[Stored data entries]
*** Begin section ***

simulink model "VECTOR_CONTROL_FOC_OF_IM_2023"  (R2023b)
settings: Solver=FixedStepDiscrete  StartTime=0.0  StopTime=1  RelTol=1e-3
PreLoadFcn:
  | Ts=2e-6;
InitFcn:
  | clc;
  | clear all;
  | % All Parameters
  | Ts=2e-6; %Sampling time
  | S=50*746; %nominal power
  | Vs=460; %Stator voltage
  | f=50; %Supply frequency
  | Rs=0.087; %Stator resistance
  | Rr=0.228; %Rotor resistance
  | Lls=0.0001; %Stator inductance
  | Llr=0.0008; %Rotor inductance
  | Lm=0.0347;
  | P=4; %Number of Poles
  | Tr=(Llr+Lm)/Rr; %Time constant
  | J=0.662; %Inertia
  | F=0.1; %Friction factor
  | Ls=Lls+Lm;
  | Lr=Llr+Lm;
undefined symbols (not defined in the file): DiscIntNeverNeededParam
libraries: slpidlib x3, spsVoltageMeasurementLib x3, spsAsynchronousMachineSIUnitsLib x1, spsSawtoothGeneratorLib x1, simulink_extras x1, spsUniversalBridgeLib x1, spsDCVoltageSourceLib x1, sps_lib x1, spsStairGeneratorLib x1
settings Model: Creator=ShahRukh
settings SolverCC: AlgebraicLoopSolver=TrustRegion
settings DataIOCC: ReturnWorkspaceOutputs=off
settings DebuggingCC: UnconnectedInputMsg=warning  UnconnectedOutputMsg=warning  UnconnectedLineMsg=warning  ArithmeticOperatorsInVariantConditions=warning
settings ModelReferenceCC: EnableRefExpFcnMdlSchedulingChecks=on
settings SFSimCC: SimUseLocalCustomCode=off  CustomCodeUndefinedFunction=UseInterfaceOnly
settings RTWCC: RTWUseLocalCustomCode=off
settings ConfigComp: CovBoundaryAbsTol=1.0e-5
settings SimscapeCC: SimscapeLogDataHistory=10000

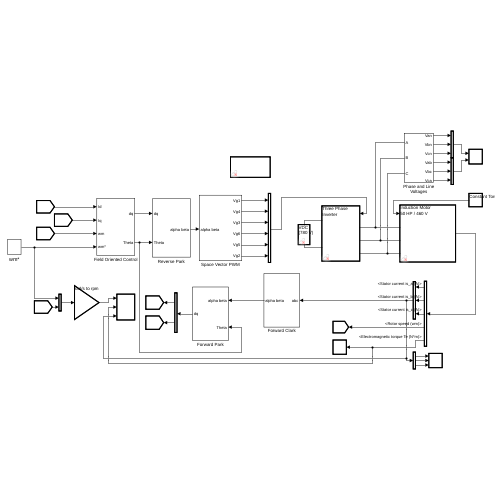
[thumbnail: Simulink's stored preview of the top-level diagram]
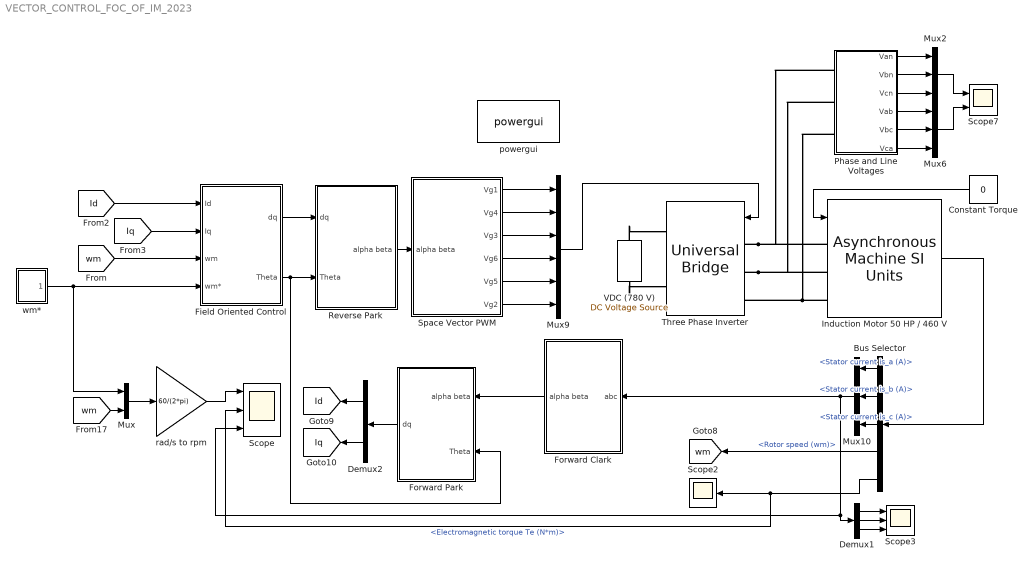
== system VECTOR_CONTROL_FOC_OF_IM_2023 ==
  Bus Selector : BusSelector  OutputSignals=Stator measurements.Stator current is_a (A),Stator measurements.Stator current is_b (A),Stator measurements.Stator current is_c (A),Mechanical.Rotor speed (wm),Mechanical.Electromagnetic torque Te (N*m)
  Constant Torque : Constant  Value=0
  Demux1 : Demux  Outputs=3
  Demux2 : Demux  Outputs=2
  Field Oriented Control : Subsystem
  Forward Clark : Subsystem
  Forward Park : Subsystem
  Induction Motor 50 HP / 460 V : spsAsynchronousMachineSIUnitsLib/Asynchronous Machine SI Units  RotorType=Squirrel-cage  PresetModel=No  MechanicalLoad=Torque Tm  ShowDetailedParameters=on  ReferenceFrame=Stationary  Units=SI  MeasurementBus=off  NominalParameters=[ S, Vs, f ]  VoltageRatio=1  Stator=[ Rs Lls ]  Rotor="[ Rr  Llr ]"  Cage1=[ 0.022 0.226/377]  Cage2=[ 0.022 0.226/377]  Lm=Lm  Mechanical="[J  F P/2 ]"  PolePairs=2  InitialConditions="[ 1, 0 ,  0 , 0 , 0 , 0 , 0 , 0 ]"  SimulateSaturation=off  Saturation=[0 0;0 0]  LoadFlowParameters=0  TsPowergui=0  TsBlock=-1  IterativeModel=Trapezoidal non iterative  IterativeDiscreteModel=Trapezoidal non iterative  Pmec=0
      settings: AttributesFormatString=\n
  Mux : Mux  Inputs=2
  Mux10 : Mux  Inputs=3
  Mux2 : Mux  Inputs=3
  Mux6 : Mux  Inputs=3
  Mux9 : Mux  Inputs=6
  Phase and Line Voltages : Subsystem
  Reverse Park : Subsystem
  Scope : Scope  NumInputPorts=3
  Scope2 : Scope
  Scope3 : Scope  NumInputPorts=3
  Scope7 : Scope  NumInputPorts=2
  Space Vector PWM : Subsystem
  Three Phase Inverter : spsUniversalBridgeLib/Universal Bridge  Arms=3  SnubberResistance=1000  SnubberCapacitance=inf  Device=IGBT / Diodes  Ron=1e-3  Lon=0  ForwardVoltages="[  0.8  0.8  ]"  ForwardVoltage=.8  GTOparameters=[ 1e-6 , 1e-6 ]  IGBTparameters=[ 1e-6 , 2e-6 ]  Measurements=None  Measurements_2=None  converterType=Rectifier
      settings: AttributesFormatString=\n
  VDC (780 V) : spsDCVoltageSourceLib/DC Voltage Source  Description=source block  Amplitude=780  Measurements=None
      settings: AttributesFormatString=\n
  powergui : sps_lib/powergui  Priority=2  SimulationMode=Discrete  SampleTime=Ts  frequency=60  Iterations=50  frequencyindice=0  Pbase=100e6  ErrMax=1e-4  UnitsV=kV  UnitsW=MW  buscounter=0  FunctionMessages=off  echomessages=off  EnableUseOfTLC=off  CurrentSourceSwitches=off  DisableSnubberDevices=off  DisableRonSwitches=off  DisableVfSwitches=off  DisplayEquations=off  AutomaticDiscreteSolvers=off  SolverType=Tustin  Interpol=off  ExternalGateDelay=off  methode=off  Ts=0  x0status=blocks  SPID=off  SwTol=0  HookPort=off  NonlinearTolerance=1e-4  nMaxIteration=100  ContinueOnMaxIteration=off  RestoreLinks=warning  ResistiveCurrentMeasurement=off  Frange=[0:2:500]  Ylog=off  Xlog=on  ShowGrid=off  save=off  variable=ZData  structure=0  ZoomFFT=on  StartTime=0.0  cycles=1  DisplayStyle=off  fundamental=60  FreqAxis=off  MaxFrequency=1000  frequencyindicesteady=1  RmsSteady=1  display=off
  rad/s to rpm : Gain  Gain=60/(2*pi)
  wm* : Subsystem
  tag scope: Id=global, Iq=global, wm=global
  wires:
  Bus Selector/4 -> [wm]  "<Rotor speed (wm)>"
  Mux10/1 -> Scope/3, Demux1/1, Forward Clark/1(abc)
  Demux2/1 -> [Id]
  Mux6/1 -> Scope7/2
  Space Vector PWM/6(Vg2) -> Mux9/6
  Constant Torque/1 -> Induction Motor 50 HP / 460 V/1
  Phase and Line Voltages/3(Vcn) -> Mux2/3
  Phase and Line Voltages/5(Vbc) -> Mux6/2
  Space Vector PWM/2(Vg4) -> Mux9/2
  Phase and Line Voltages/2(Vbn) -> Mux2/2
  Mux2/1 -> Scope7/1
  Space Vector PWM/5(Vg5) -> Mux9/5
  Phase and Line Voltages/1(Van) -> Mux2/1
  Phase and Line Voltages/6(Vca) -> Mux6/3
  Bus Selector/2 -> Mux10/2  "<Stator current is_b (A)>"
  Forward Park/1(dq) -> Demux2/1
  Demux2/2 -> [Iq]
  Bus Selector/5 -> Scope/2, Scope2/1  "<Electromagnetic torque Te (N*m)>"
  Mux9/1 -> Three Phase Inverter/1
  Bus Selector/1 -> Mux10/1  "<Stator current is_a (A)>"
  Forward Clark/1(alpha beta) -> Forward Park/1(alpha beta)
  Phase and Line Voltages/4(Vab) -> Mux6/1
  Mux/1 -> rad/s to rpm/1
  Space Vector PWM/3(Vg3) -> Mux9/3
  [wm] -> Mux/2
  Induction Motor 50 HP / 460 V/1 -> Bus Selector/1
  Space Vector PWM/1(Vg1) -> Mux9/1
  rad/s to rpm/1 -> Scope/1
  Space Vector PWM/4(Vg6) -> Mux9/4
  Reverse Park/1(alpha beta) -> Space Vector PWM/1(alpha beta)
  Field Oriented Control/1(dq) -> Reverse Park/1(dq)
  Bus Selector/3 -> Mux10/3  "<Stator current is_c (A)>"
  wm*/1(" ") -> Mux/1, Field Oriented Control/4(wm*)
  [wm] -> Field Oriented Control/3(wm)
  [Id] -> Field Oriented Control/1(Id)
  [Iq] -> Field Oriented Control/2(Iq)
  Field Oriented Control/2(Theta) -> Forward Park/2(Theta), Reverse Park/2(Theta)
  Demux1/1 -> Scope3/1
  Demux1/2 -> Scope3/2
  Demux1/3 -> Scope3/3
  connections:
  Three Phase Inverter/LConn1 -- Induction Motor 50 HP / 460 V/LConn1 -- Phase and Line Voltages/LConn1
  Induction Motor 50 HP / 460 V/LConn3 -- Three Phase Inverter/LConn3 -- Phase and Line Voltages/LConn3
  Three Phase Inverter/LConn2 -- Induction Motor 50 HP / 460 V/LConn2 -- Phase and Line Voltages/LConn2
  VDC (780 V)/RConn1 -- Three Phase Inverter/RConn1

*** End section ***

Where the data above reaches the line holding "Reverse Park : Subsystem", begin printing, and stop after the line holding "Space Vector PWM : Subsystem". Each line must be reproduced exactly, with nothing else added.

  Reverse Park : Subsystem
  Scope : Scope  NumInputPorts=3
  Scope2 : Scope
  Scope3 : Scope  NumInputPorts=3
  Scope7 : Scope  NumInputPorts=2
  Space Vector PWM : Subsystem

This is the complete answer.